-- Opening Marker --

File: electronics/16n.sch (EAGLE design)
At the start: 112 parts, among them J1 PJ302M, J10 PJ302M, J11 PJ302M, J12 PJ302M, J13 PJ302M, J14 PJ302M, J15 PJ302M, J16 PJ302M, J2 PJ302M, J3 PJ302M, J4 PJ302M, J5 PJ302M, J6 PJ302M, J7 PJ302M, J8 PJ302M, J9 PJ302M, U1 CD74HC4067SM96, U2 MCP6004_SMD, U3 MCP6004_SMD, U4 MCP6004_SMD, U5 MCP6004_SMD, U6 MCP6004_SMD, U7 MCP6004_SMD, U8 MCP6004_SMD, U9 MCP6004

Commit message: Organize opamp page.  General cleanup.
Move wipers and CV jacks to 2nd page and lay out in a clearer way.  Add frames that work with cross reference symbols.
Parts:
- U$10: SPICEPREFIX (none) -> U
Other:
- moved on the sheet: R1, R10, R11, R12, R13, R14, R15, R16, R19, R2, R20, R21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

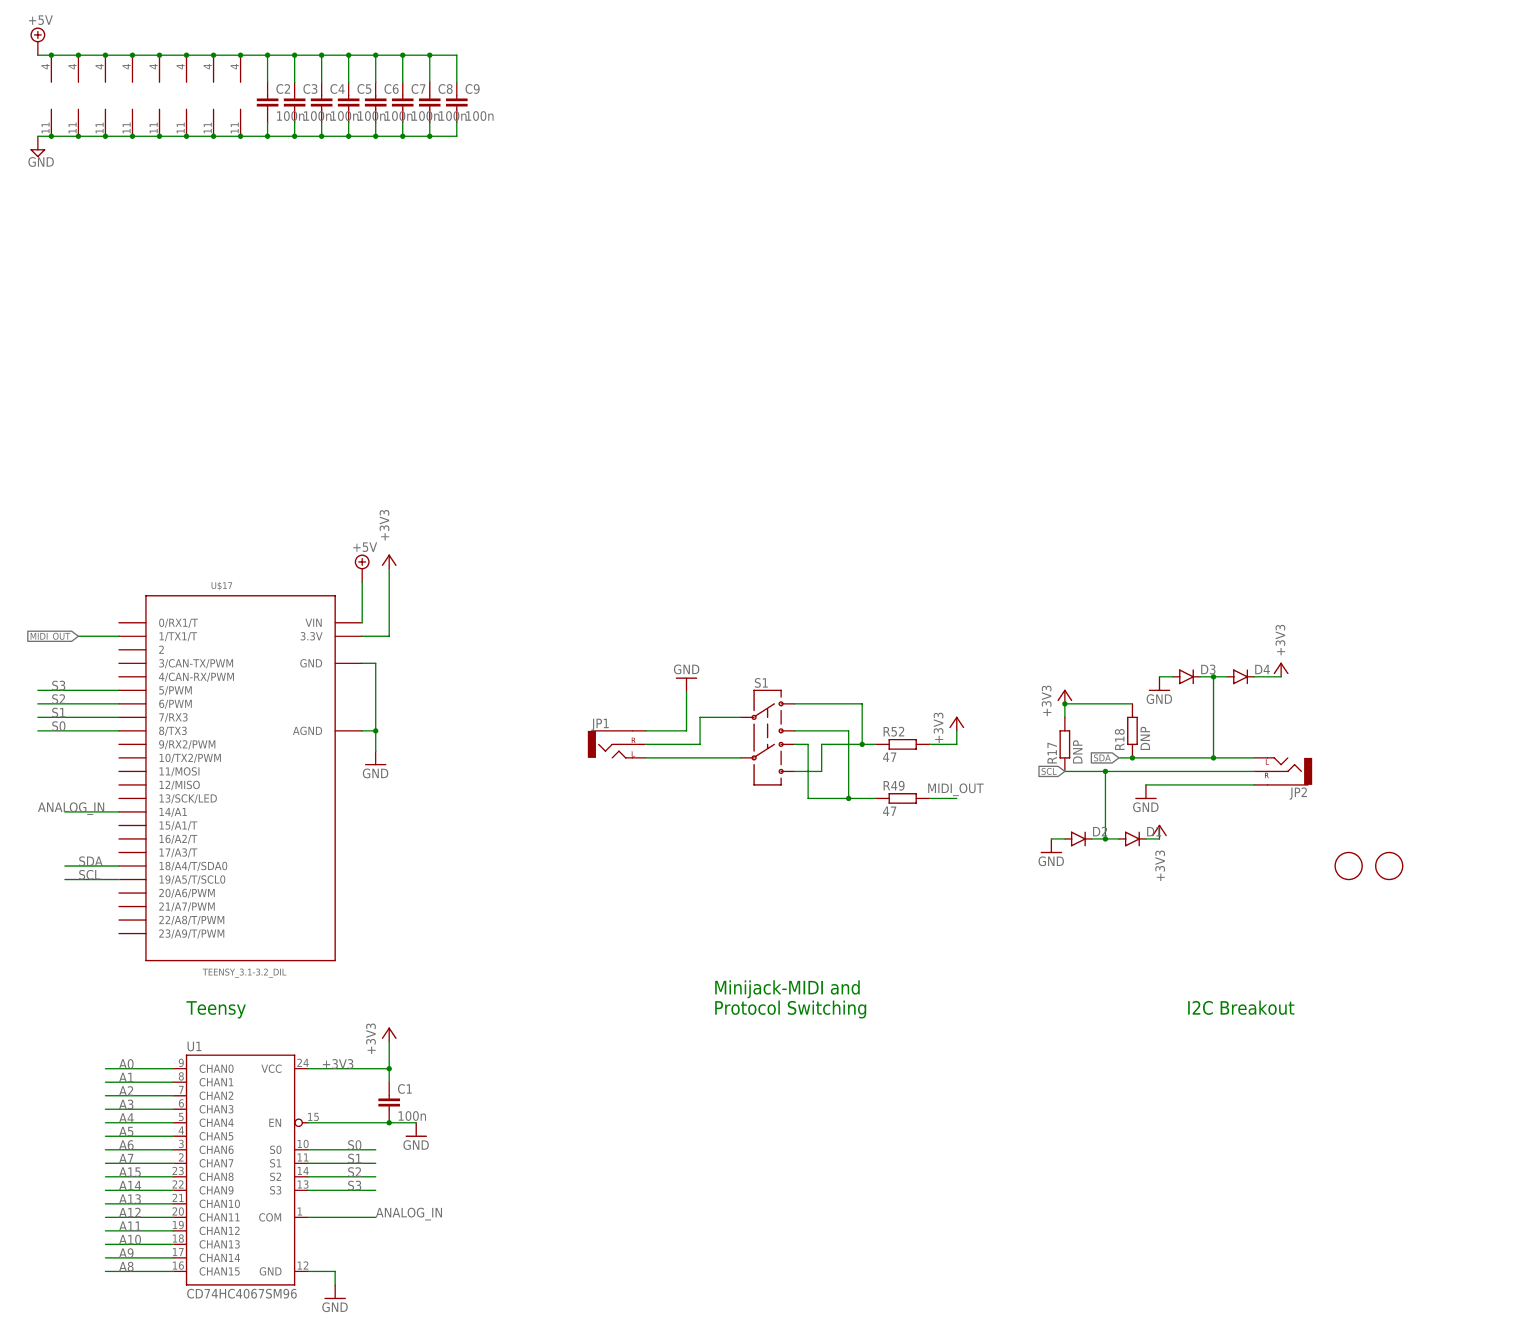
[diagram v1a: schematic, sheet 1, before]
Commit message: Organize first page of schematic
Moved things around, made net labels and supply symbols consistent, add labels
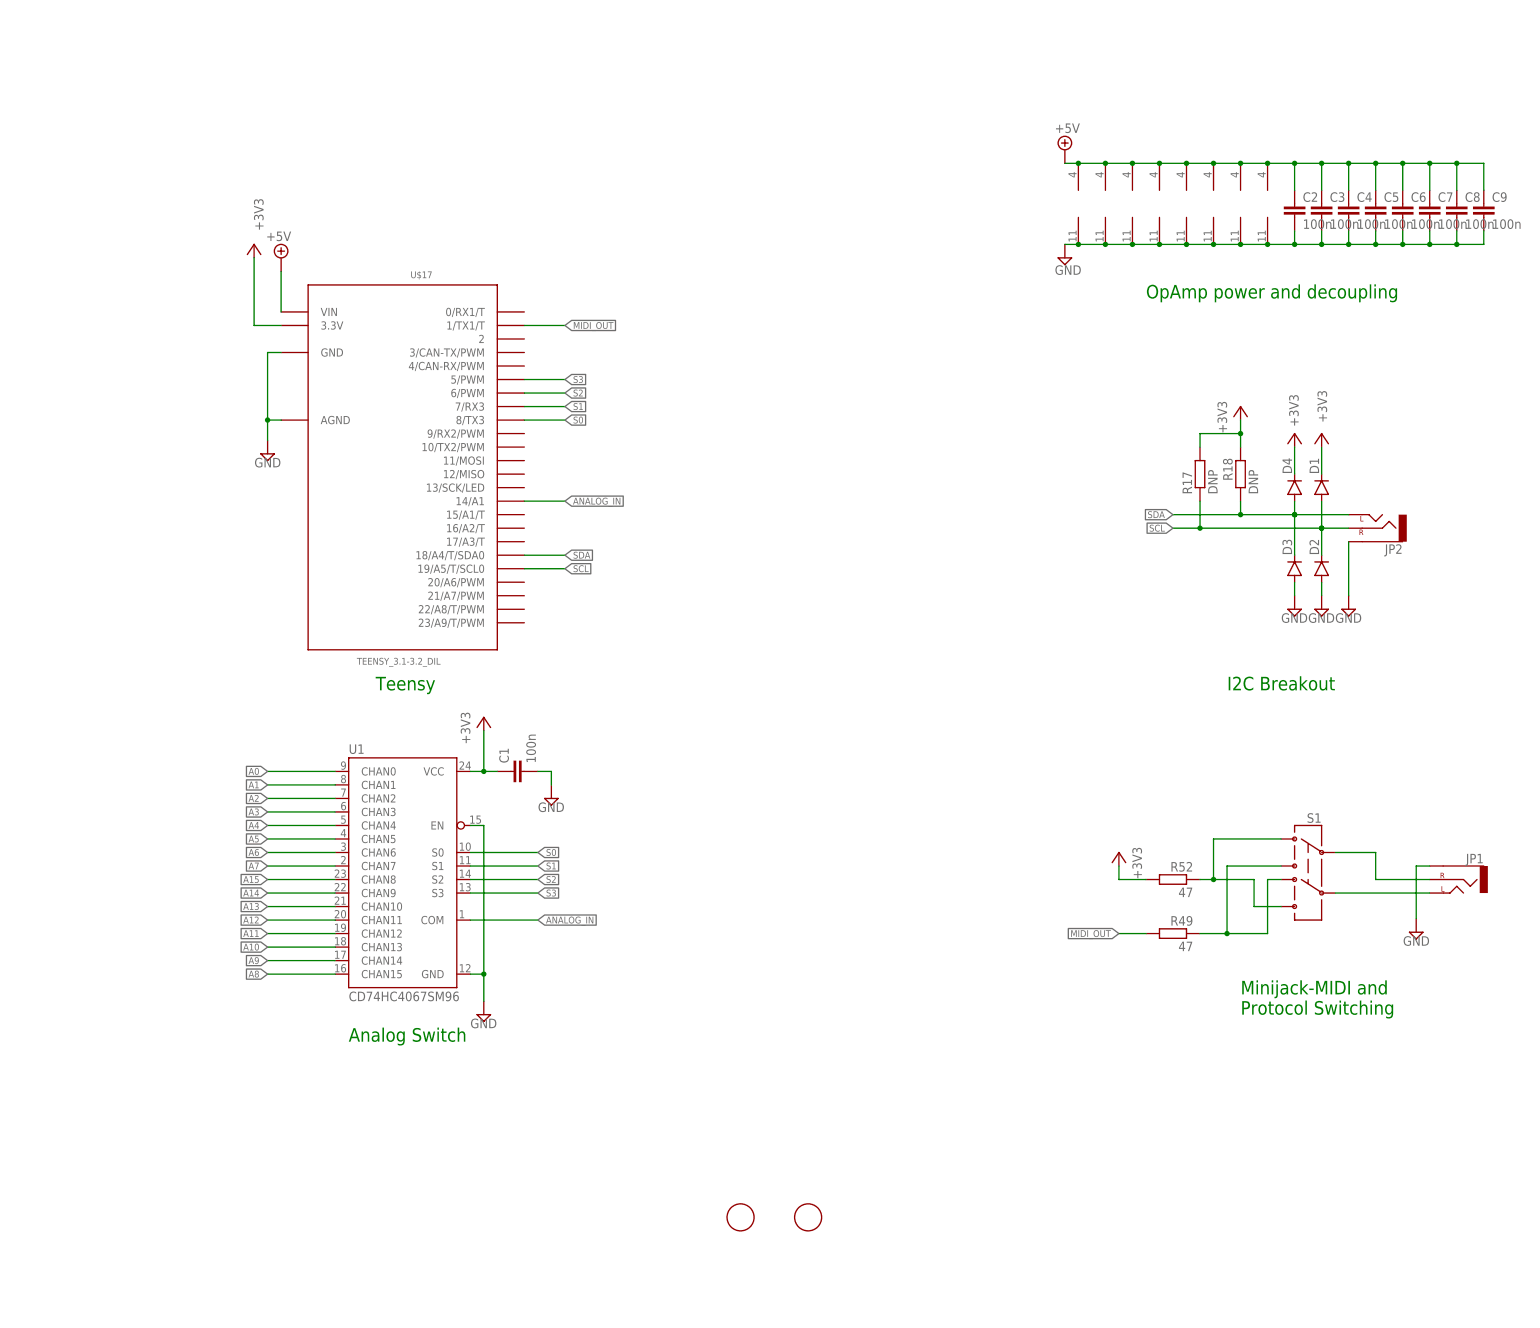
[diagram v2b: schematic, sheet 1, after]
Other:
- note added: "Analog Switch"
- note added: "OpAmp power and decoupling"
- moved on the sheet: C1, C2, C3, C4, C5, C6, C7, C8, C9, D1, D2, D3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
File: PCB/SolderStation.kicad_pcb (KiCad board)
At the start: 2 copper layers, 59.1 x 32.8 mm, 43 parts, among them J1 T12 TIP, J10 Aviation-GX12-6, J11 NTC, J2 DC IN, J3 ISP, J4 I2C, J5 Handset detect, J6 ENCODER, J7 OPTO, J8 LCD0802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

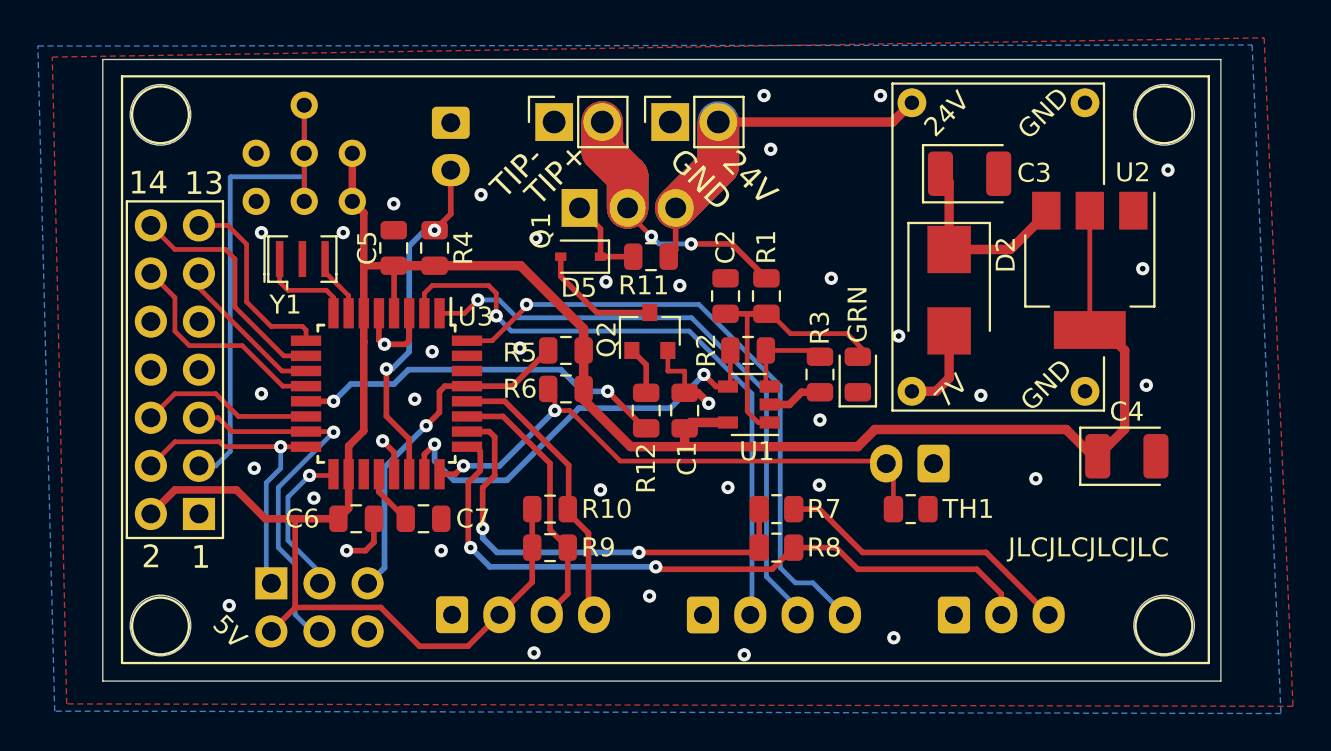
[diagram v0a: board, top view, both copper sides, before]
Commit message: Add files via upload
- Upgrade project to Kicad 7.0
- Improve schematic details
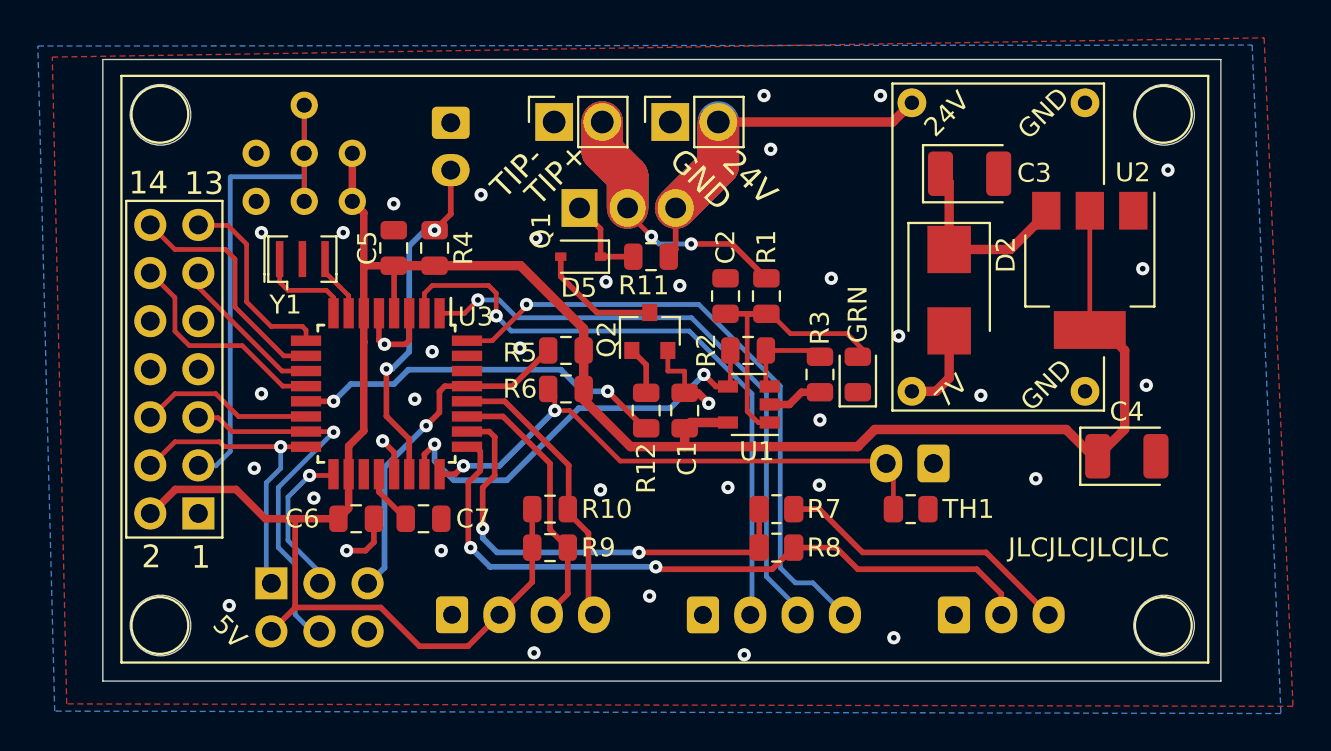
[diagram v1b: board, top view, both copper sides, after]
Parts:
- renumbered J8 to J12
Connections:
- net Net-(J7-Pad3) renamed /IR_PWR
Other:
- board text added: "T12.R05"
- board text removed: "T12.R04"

-- Closing Marker --

» **Work task**:
Your output should be the records above, duplicated exactly and picture-free.

» **Response area**:
File: electronics/16n.sch (EAGLE design)
At the start: 112 parts, among them J1 PJ302M, J10 PJ302M, J11 PJ302M, J12 PJ302M, J13 PJ302M, J14 PJ302M, J15 PJ302M, J16 PJ302M, J2 PJ302M, J3 PJ302M, J4 PJ302M, J5 PJ302M, J6 PJ302M, J7 PJ302M, J8 PJ302M, J9 PJ302M, U1 CD74HC4067SM96, U2 MCP6004_SMD, U3 MCP6004_SMD, U4 MCP6004_SMD, U5 MCP6004_SMD, U6 MCP6004_SMD, U7 MCP6004_SMD, U8 MCP6004_SMD, U9 MCP6004

Commit message: Organize opamp page.  General cleanup.
Move wipers and CV jacks to 2nd page and lay out in a clearer way.  Add frames that work with cross reference symbols.
Parts:
- U$10: SPICEPREFIX (none) -> U
Other:
- moved on the sheet: R1, R10, R11, R12, R13, R14, R15, R16, R19, R2, R20, R21

[diagram v1a: schematic, sheet 1, before]
Commit message: Organize first page of schematic
Moved things around, made net labels and supply symbols consistent, add labels
[diagram v2b: schematic, sheet 1, after]
Other:
- note added: "Analog Switch"
- note added: "OpAmp power and decoupling"
- moved on the sheet: C1, C2, C3, C4, C5, C6, C7, C8, C9, D1, D2, D3
File: PCB/SolderStation.kicad_pcb (KiCad board)
At the start: 2 copper layers, 59.1 x 32.8 mm, 43 parts, among them J1 T12 TIP, J10 Aviation-GX12-6, J11 NTC, J2 DC IN, J3 ISP, J4 I2C, J5 Handset detect, J6 ENCODER, J7 OPTO, J8 LCD0802

[diagram v0a: board, top view, both copper sides, before]
Commit message: Add files via upload
- Upgrade project to Kicad 7.0
- Improve schematic details
[diagram v1b: board, top view, both copper sides, after]
Parts:
- renumbered J8 to J12
Connections:
- net Net-(J7-Pad3) renamed /IR_PWR
Other:
- board text added: "T12.R05"
- board text removed: "T12.R04"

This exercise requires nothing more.